There are four vets at the office and none of them are oncologists. They said if the mast cells were in the lymph nodes and there were 3 that popped up on different parts of his body, then most likely they have spread and could be on his organs. I asked if we could see with x-ray and most likely not. 

The mast cell on the lymph node is outside of the skin, like his other tumors. I've seen dogs with swollen lymph nodes and they're under the skin. I talked to the doctor about removing it but I'm not sure if I want to put him through that again. It could also be kind of pointless to remove that one tumor if he could have tons of them inside of him


----------



## Oaklys Dad

You and Buddy will certainly be in our thoughts. Please keep us posted on how you plan to proceed and how things are going.


----------



## tennisball

Today I came home and noticed Buddy's lymph node tumor was oozing blood. I immediately put an e-collar on him (he was probably licking it all day) and used a warm cloth to clean him up. I took his temperature and it was 103.1 and he was acting strange, just not like himself. He was still eating and drinking, going to the bathroom fine, but I was convinced he was going to die right there in my arms. I debated about going to an emergency clinic and paying over a grand for them to examine him and give him sub q fluids, but instead I called one of the doctors at my vet (at 4 am). She was very understanding and told me the signs he's showing are signs of pain, and that he was not going to die overnight. She gave me some tips on how to keep him comfortable throughout the night until she can see him tomorrow (she's willing to go to the hospital on our day off to examine him and determine the best treatment for him at this point). She totally calmed me down from my panic attack, which made Buddy feel a lot calmer too. She told me to give him half of a Tylenol (250 mg) along with the pepcid, pred, and benadryl, and put an ice pack on the tumor for the swelling.
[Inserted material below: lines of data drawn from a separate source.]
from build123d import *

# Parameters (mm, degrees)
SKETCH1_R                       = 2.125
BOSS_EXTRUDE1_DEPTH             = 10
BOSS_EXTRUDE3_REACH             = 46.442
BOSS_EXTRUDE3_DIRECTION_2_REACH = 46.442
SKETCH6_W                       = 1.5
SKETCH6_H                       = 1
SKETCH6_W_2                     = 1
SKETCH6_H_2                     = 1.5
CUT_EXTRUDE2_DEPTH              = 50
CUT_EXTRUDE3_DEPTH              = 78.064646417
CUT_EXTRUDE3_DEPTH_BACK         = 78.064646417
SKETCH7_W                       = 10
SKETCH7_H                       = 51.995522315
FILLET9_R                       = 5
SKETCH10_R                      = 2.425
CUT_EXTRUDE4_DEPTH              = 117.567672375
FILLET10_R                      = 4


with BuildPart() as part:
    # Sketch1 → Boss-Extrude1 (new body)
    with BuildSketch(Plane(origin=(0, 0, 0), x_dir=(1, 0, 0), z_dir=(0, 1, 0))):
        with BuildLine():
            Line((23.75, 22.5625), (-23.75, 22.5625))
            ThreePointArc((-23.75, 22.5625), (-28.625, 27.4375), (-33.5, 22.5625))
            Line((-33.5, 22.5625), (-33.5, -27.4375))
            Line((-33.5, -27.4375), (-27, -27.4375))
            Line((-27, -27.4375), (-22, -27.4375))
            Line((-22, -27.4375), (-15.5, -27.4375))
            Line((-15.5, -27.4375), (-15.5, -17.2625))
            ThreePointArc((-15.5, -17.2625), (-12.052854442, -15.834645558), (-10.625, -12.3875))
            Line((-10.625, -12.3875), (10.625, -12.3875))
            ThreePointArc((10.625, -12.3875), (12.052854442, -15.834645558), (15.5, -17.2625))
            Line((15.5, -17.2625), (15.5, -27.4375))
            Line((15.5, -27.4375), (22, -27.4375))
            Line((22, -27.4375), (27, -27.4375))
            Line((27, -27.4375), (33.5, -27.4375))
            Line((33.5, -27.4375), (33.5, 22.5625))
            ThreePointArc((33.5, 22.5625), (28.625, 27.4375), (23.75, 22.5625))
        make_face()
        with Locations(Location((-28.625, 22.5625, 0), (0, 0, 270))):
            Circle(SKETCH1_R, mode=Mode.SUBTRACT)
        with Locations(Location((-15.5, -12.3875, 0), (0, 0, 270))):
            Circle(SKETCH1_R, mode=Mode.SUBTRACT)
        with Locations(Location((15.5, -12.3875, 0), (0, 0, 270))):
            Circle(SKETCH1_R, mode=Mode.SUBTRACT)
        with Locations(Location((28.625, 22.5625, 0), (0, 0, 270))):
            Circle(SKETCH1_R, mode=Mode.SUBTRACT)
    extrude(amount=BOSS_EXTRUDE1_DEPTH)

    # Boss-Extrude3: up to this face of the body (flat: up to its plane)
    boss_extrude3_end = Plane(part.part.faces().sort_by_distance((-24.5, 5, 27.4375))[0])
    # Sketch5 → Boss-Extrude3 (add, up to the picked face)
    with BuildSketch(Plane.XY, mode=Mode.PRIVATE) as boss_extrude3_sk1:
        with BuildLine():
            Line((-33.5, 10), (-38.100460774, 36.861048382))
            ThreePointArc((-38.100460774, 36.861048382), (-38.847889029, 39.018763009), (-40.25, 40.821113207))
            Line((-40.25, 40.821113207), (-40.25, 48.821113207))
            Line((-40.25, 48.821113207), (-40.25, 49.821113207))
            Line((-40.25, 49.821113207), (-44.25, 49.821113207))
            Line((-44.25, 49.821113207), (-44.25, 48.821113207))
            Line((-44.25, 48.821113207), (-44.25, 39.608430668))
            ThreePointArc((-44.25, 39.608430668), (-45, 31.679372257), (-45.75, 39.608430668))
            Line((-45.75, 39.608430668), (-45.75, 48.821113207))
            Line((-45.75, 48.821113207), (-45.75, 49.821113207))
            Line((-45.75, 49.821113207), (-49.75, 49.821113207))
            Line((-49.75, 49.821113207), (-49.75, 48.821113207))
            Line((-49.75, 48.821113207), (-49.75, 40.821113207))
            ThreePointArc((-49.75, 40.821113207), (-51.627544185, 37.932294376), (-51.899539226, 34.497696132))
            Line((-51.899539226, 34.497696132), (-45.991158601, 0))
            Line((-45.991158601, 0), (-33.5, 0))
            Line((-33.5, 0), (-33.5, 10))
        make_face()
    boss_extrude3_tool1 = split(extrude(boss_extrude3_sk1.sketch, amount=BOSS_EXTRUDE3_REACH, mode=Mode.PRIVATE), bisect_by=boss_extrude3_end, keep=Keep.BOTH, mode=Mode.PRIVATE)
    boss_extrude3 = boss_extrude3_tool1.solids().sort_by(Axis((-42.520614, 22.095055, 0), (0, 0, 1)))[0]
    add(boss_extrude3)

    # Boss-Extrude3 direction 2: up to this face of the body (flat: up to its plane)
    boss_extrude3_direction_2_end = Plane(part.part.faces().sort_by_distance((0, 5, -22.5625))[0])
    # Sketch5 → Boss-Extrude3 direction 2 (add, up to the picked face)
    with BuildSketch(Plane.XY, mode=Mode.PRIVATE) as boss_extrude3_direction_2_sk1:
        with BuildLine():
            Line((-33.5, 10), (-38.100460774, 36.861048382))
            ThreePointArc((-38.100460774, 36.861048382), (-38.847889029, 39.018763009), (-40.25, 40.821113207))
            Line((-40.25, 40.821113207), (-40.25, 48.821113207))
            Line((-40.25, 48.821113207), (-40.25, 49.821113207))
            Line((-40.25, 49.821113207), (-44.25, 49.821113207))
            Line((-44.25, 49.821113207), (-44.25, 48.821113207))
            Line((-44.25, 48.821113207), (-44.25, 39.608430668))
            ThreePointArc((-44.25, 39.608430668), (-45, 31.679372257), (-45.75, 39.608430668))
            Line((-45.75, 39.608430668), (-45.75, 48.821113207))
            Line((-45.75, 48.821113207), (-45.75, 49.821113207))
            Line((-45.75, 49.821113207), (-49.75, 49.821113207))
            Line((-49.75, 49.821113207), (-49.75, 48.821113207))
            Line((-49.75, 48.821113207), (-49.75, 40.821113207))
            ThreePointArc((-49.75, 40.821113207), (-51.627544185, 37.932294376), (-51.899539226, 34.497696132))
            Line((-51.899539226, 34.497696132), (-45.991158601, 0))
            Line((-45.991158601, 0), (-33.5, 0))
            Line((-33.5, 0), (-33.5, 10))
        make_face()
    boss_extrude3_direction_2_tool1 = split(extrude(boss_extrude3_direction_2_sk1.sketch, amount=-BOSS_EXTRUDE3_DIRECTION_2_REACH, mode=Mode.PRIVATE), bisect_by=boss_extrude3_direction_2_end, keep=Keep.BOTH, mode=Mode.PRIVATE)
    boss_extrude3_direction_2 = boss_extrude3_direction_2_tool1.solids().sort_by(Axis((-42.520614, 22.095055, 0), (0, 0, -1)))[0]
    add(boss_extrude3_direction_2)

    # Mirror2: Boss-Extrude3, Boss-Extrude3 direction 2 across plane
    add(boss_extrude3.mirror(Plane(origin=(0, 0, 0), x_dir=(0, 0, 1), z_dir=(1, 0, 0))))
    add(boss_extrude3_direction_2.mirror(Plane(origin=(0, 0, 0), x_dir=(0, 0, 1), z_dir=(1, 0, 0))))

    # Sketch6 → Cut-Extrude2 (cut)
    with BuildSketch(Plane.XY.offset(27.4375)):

She wants me to call her in the morning and set up a time for us to meet at the clinic.

I know she's going to want to try to expand his life as long as possible, but if he's in pain, I don't want him to suffer just so we can be with him a few extra days. She said she has some other medications that could keep him comfortable for a little bit longer, or she may want to do another surgery, but in the back of our minds we all know euthanasia is the humane choice.

Sorry, I guess I just needed to vent. I lost my Cody less than two years ago, and now I'm losing my Buddy too. I had a fun day planned out for us tomorrow. I was going to take him hiking throughout the woods and maybe even take a swim in the lake. I was going to start feeding him sirloin steaks for dinner because I know he doesn't have that much time left. I was going to give him all the belly rubs and ear scratches I could before his time was up. I haven't done any of the things I wanted to do with him before his time comes. And now it's too late. He could be gone tomorrow. 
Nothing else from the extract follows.